Assignment
Look for the word "with" in the entries below, then copy every line that has it.

Supplied records
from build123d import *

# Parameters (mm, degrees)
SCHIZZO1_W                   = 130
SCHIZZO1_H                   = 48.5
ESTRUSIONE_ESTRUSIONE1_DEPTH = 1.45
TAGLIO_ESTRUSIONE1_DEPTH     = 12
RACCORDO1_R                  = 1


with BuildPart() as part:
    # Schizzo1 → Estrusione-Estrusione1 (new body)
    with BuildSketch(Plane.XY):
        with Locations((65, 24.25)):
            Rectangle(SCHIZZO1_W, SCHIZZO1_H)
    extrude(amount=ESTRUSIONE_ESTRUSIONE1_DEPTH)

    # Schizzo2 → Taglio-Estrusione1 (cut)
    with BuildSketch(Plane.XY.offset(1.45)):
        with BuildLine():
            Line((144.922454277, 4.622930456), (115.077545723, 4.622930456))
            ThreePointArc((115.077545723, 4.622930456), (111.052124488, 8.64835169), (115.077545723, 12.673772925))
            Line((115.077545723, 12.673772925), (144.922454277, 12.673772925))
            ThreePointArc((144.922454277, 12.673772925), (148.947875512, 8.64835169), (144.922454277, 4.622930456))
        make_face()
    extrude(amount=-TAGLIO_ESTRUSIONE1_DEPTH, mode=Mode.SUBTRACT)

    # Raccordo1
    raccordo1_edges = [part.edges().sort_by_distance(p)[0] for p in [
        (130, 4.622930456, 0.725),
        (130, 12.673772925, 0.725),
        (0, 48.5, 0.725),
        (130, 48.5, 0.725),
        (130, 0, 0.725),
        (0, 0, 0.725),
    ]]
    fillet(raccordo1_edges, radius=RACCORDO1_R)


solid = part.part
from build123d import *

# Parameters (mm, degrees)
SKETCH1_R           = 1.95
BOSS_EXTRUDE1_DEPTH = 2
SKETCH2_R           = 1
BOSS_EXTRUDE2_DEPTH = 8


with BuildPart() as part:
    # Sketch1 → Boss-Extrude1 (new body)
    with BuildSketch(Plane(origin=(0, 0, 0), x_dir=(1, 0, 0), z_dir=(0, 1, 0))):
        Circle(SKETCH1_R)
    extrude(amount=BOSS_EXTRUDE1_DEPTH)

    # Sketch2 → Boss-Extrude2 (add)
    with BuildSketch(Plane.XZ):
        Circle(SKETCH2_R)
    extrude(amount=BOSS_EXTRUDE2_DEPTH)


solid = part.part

Solution for this task
with BuildPart() as part:
    with BuildSketch(Plane.XY):
        with Locations((65, 24.25)):
    with BuildSketch(Plane.XY.offset(1.45)):
        with BuildLine():
with BuildPart() as part:
    with BuildSketch(Plane(origin=(0, 0, 0), x_dir=(1, 0, 0), z_dir=(0, 1, 0))):
    with BuildSketch(Plane.XZ):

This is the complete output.